Records contained in a dataset
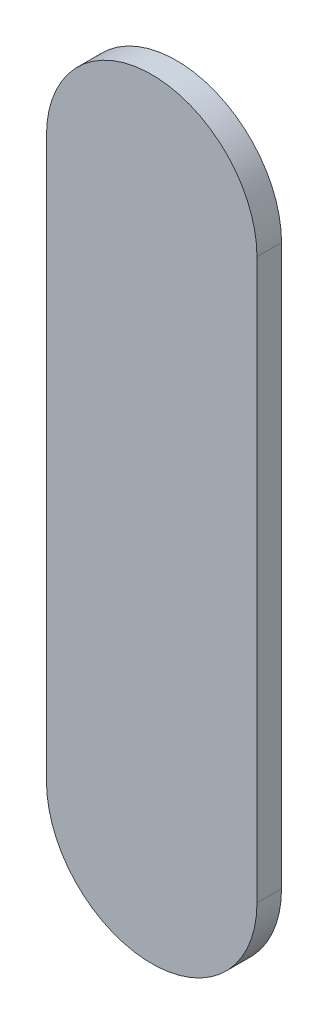
ISO-10303-21;
HEADER;
FILE_DESCRIPTION(('STEP AP214'),'2;1');
FILE_NAME('part.step','',(''),(''),'','','');
FILE_SCHEMA(('AUTOMOTIVE_DESIGN { 1 0 10303 214 1 1 1 1 }'));
ENDSEC;
DATA;
#1=APPLICATION_CONTEXT('core data for automotive mechanical design processes');
#2=APPLICATION_PROTOCOL_DEFINITION('international standard','automotive_design',2000,#1);
#3=PRODUCT_CONTEXT('',#1,'mechanical');
#4=PRODUCT('Part','Part','',(#3));
#5=PRODUCT_RELATED_PRODUCT_CATEGORY('part','',(#4));
#6=PRODUCT_DEFINITION_FORMATION('','',#4);
#7=PRODUCT_DEFINITION_CONTEXT('part definition',#1,'design');
#8=PRODUCT_DEFINITION('design','',#6,#7);
#9=PRODUCT_DEFINITION_SHAPE('','',#8);
#10=(LENGTH_UNIT() NAMED_UNIT(*) SI_UNIT(.MILLI.,.METRE.));
#11=(NAMED_UNIT(*) PLANE_ANGLE_UNIT() SI_UNIT($,.RADIAN.));
#12=(NAMED_UNIT(*) SI_UNIT($,.STERADIAN.) SOLID_ANGLE_UNIT());
#13=UNCERTAINTY_MEASURE_WITH_UNIT(LENGTH_MEASURE(1.E-05),#10,'distance_accuracy_value','');
#14=(GEOMETRIC_REPRESENTATION_CONTEXT(3) GLOBAL_UNCERTAINTY_ASSIGNED_CONTEXT((#13)) GLOBAL_UNIT_ASSIGNED_CONTEXT((#10,
#11,#12)) REPRESENTATION_CONTEXT('',''));
#15=CARTESIAN_POINT('',(0.,0.,0.));
#16=DIRECTION('',(0.,0.,1.));
#17=DIRECTION('',(1.,0.,0.));
#18=AXIS2_PLACEMENT_3D('',#15,#16,#17);
#19=CARTESIAN_POINT('',(129.85,-69.9125,1.635));
#20=DIRECTION('',(0.,0.,1.));
#21=DIRECTION('',(1.,0.,0.));
#22=AXIS2_PLACEMENT_3D('',#19,#20,#21);
#23=PLANE('',#22);
#24=DIRECTION('',(0.,-1.,0.));
#25=VECTOR('',#24,1.);
#26=CARTESIAN_POINT('',(129.85,-69.9125,1.635));
#27=LINE('',#26,#25);
#28=CARTESIAN_POINT('',(129.85,-69.9125,1.635));
#29=VERTEX_POINT('',#28);
#30=CARTESIAN_POINT('',(129.85,-70.71,1.635));
#31=VERTEX_POINT('',#30);
#32=EDGE_CURVE('E85',#29,#31,#27,.T.);
#33=ORIENTED_EDGE('',*,*,#32,.T.);
#34=CARTESIAN_POINT('',(130.,-70.71,1.635));
#35=DIRECTION('',(0.,0.,1.));
#36=DIRECTION('',(-1.,0.,0.));
#37=AXIS2_PLACEMENT_3D('',#34,#35,#36);
#38=CIRCLE('',#37,0.15);
#39=CARTESIAN_POINT('',(130.15,-70.71,1.635));
#40=VERTEX_POINT('',#39);
#41=EDGE_CURVE('E71',#31,#40,#38,.T.);
#42=ORIENTED_EDGE('',*,*,#41,.T.);
#43=DIRECTION('',(0.,1.,0.));
#44=VECTOR('',#43,1.);
#45=CARTESIAN_POINT('',(130.15,-70.71,1.635));
#46=LINE('',#45,#44);
#47=CARTESIAN_POINT('',(130.15,-69.9125,1.635));
#48=VERTEX_POINT('',#47);
#49=EDGE_CURVE('E108',#40,#48,#46,.T.);
#50=ORIENTED_EDGE('',*,*,#49,.T.);
#51=CARTESIAN_POINT('',(130.,-69.9125,1.635));
#52=DIRECTION('',(0.,0.,1.));
#53=DIRECTION('',(1.,0.,0.));
#54=AXIS2_PLACEMENT_3D('',#51,#52,#53);
#55=CIRCLE('',#54,0.15);
#56=EDGE_CURVE('E11',#48,#29,#55,.T.);
#57=ORIENTED_EDGE('',*,*,#56,.T.);
#58=EDGE_LOOP('',(#33,#42,#50,#57));
#59=FACE_BOUND('',#58,.T.);
#60=ADVANCED_FACE('F17',(#59),#23,.T.);
#61=CARTESIAN_POINT('',(129.85,-69.9125,1.6));
#62=DIRECTION('',(0.,0.,1.));
#63=DIRECTION('',(1.,0.,0.));
#64=AXIS2_PLACEMENT_3D('',#61,#62,#63);
#65=PLANE('',#64);
#66=CARTESIAN_POINT('',(130.,-69.9125,1.6));
#67=DIRECTION('',(0.,0.,1.));
#68=DIRECTION('',(1.,0.,0.));
#69=AXIS2_PLACEMENT_3D('',#66,#67,#68);
#70=CIRCLE('',#69,0.15);
#71=CARTESIAN_POINT('',(130.15,-69.9125,1.6));
#72=VERTEX_POINT('',#71);
#73=CARTESIAN_POINT('',(129.85,-69.9125,1.6));
#74=VERTEX_POINT('',#73);
#75=EDGE_CURVE('E26',#72,#74,#70,.T.);
#76=ORIENTED_EDGE('',*,*,#75,.F.);
#77=DIRECTION('',(0.,1.,0.));
#78=VECTOR('',#77,1.);
#79=CARTESIAN_POINT('',(130.15,-70.71,1.6));
#80=LINE('',#79,#78);
#81=CARTESIAN_POINT('',(130.15,-70.71,1.6));
#82=VERTEX_POINT('',#81);
#83=EDGE_CURVE('E82',#82,#72,#80,.T.);
#84=ORIENTED_EDGE('',*,*,#83,.F.);
#85=CARTESIAN_POINT('',(130.,-70.71,1.6));
#86=DIRECTION('',(0.,0.,1.));
#87=DIRECTION('',(-1.,0.,0.));
#88=AXIS2_PLACEMENT_3D('',#85,#86,#87);
#89=CIRCLE('',#88,0.15);
#90=CARTESIAN_POINT('',(129.85,-70.71,1.6));
#91=VERTEX_POINT('',#90);
#92=EDGE_CURVE('E103',#91,#82,#89,.T.);
#93=ORIENTED_EDGE('',*,*,#92,.F.);
#94=DIRECTION('',(0.,-1.,0.));
#95=VECTOR('',#94,1.);
#96=CARTESIAN_POINT('',(129.85,-69.9125,1.6));
#97=LINE('',#96,#95);
#98=EDGE_CURVE('E92',#74,#91,#97,.T.);
#99=ORIENTED_EDGE('',*,*,#98,.F.);
#100=EDGE_LOOP('',(#76,#84,#93,#99));
#101=FACE_BOUND('',#100,.T.);
#102=ADVANCED_FACE('F121',(#101),#65,.F.);
#103=CARTESIAN_POINT('',(130.,-69.9125,1.6));
#104=DIRECTION('',(0.,0.,-1.));
#105=DIRECTION('',(1.,0.,0.));
#106=AXIS2_PLACEMENT_3D('',#103,#104,#105);
#107=CYLINDRICAL_SURFACE('',#106,0.15);
#108=ORIENTED_EDGE('',*,*,#75,.T.);
#109=DIRECTION('',(0.,0.,1.));
#110=VECTOR('',#109,1.);
#111=CARTESIAN_POINT('',(129.85,-69.9125,1.6));
#112=LINE('',#111,#110);
#113=EDGE_CURVE('E89',#74,#29,#112,.T.);
#114=ORIENTED_EDGE('',*,*,#113,.T.);
#115=ORIENTED_EDGE('',*,*,#56,.F.);
#116=DIRECTION('',(0.,0.,1.));
#117=VECTOR('',#116,1.);
#118=CARTESIAN_POINT('',(130.15,-69.9125,1.6));
#119=LINE('',#118,#117);
#120=EDGE_CURVE('E113',#72,#48,#119,.T.);
#121=ORIENTED_EDGE('',*,*,#120,.F.);
#122=EDGE_LOOP('',(#108,#114,#115,#121));
#123=FACE_BOUND('',#122,.T.);
#124=ADVANCED_FACE('F19',(#123),#107,.T.);
#125=CARTESIAN_POINT('',(130.15,-70.71,1.6));
#126=DIRECTION('',(-1.,0.,0.));
#127=DIRECTION('',(0.,0.,1.));
#128=AXIS2_PLACEMENT_3D('',#125,#126,#127);
#129=PLANE('',#128);
#130=ORIENTED_EDGE('',*,*,#83,.T.);
#131=ORIENTED_EDGE('',*,*,#120,.T.);
#132=ORIENTED_EDGE('',*,*,#49,.F.);
#133=DIRECTION('',(0.,0.,1.));
#134=VECTOR('',#133,1.);
#135=CARTESIAN_POINT('',(130.15,-70.71,1.6));
#136=LINE('',#135,#134);
#137=EDGE_CURVE('E79',#82,#40,#136,.T.);
#138=ORIENTED_EDGE('',*,*,#137,.F.);
#139=EDGE_LOOP('',(#130,#131,#132,#138));
#140=FACE_BOUND('',#139,.T.);
#141=ADVANCED_FACE('F120',(#140),#129,.F.);
#142=CARTESIAN_POINT('',(130.,-70.71,1.6));
#143=DIRECTION('',(0.,0.,-1.));
#144=DIRECTION('',(-1.,0.,0.));
#145=AXIS2_PLACEMENT_3D('',#142,#143,#144);
#146=CYLINDRICAL_SURFACE('',#145,0.15);
#147=ORIENTED_EDGE('',*,*,#92,.T.);
#148=ORIENTED_EDGE('',*,*,#137,.T.);
#149=ORIENTED_EDGE('',*,*,#41,.F.);
#150=DIRECTION('',(0.,0.,1.));
#151=VECTOR('',#150,1.);
#152=CARTESIAN_POINT('',(129.85,-70.71,1.6));
#153=LINE('',#152,#151);
#154=EDGE_CURVE('E76',#91,#31,#153,.T.);
#155=ORIENTED_EDGE('',*,*,#154,.F.);
#156=EDGE_LOOP('',(#147,#148,#149,#155));
#157=FACE_BOUND('',#156,.T.);
#158=ADVANCED_FACE('F74',(#157),#146,.T.);
#159=CARTESIAN_POINT('',(129.85,-69.9125,1.6));
#160=DIRECTION('',(1.,0.,0.));
#161=DIRECTION('',(0.,1.,0.));
#162=AXIS2_PLACEMENT_3D('',#159,#160,#161);
#163=PLANE('',#162);
#164=ORIENTED_EDGE('',*,*,#98,.T.);
#165=ORIENTED_EDGE('',*,*,#154,.T.);
#166=ORIENTED_EDGE('',*,*,#32,.F.);
#167=ORIENTED_EDGE('',*,*,#113,.F.);
#168=EDGE_LOOP('',(#164,#165,#166,#167));
#169=FACE_BOUND('',#168,.T.);
#170=ADVANCED_FACE('F91',(#169),#163,.F.);
#171=CLOSED_SHELL('',(#60,#102,#124,#141,#158,#170));
#172=MANIFOLD_SOLID_BREP('B1',#171);
#173=ADVANCED_BREP_SHAPE_REPRESENTATION('',(#18,#172),#14);
#174=SHAPE_DEFINITION_REPRESENTATION(#9,#173);
ENDSEC;
END-ISO-10303-21;

## Work instruction
Look above for the line holding "#35=DIRECTION('',(0.,0.,1.));", then set down exactly that line and every line after it up to and including the line holding "#53=DIRECTION('',(1.,0.,0.));", with nothing else.

## Task solution
#35=DIRECTION('',(0.,0.,1.));
#36=DIRECTION('',(-1.,0.,0.));
#37=AXIS2_PLACEMENT_3D('',#34,#35,#36);
#38=CIRCLE('',#37,0.15);
#39=CARTESIAN_POINT('',(130.15,-70.71,1.635));
#40=VERTEX_POINT('',#39);
#41=EDGE_CURVE('E71',#31,#40,#38,.T.);
#42=ORIENTED_EDGE('',*,*,#41,.T.);
#43=DIRECTION('',(0.,1.,0.));
#44=VECTOR('',#43,1.);
#45=CARTESIAN_POINT('',(130.15,-70.71,1.635));
#46=LINE('',#45,#44);
#47=CARTESIAN_POINT('',(130.15,-69.9125,1.635));
#48=VERTEX_POINT('',#47);
#49=EDGE_CURVE('E108',#40,#48,#46,.T.);
#50=ORIENTED_EDGE('',*,*,#49,.T.);
#51=CARTESIAN_POINT('',(130.,-69.9125,1.635));
#52=DIRECTION('',(0.,0.,1.));
#53=DIRECTION('',(1.,0.,0.));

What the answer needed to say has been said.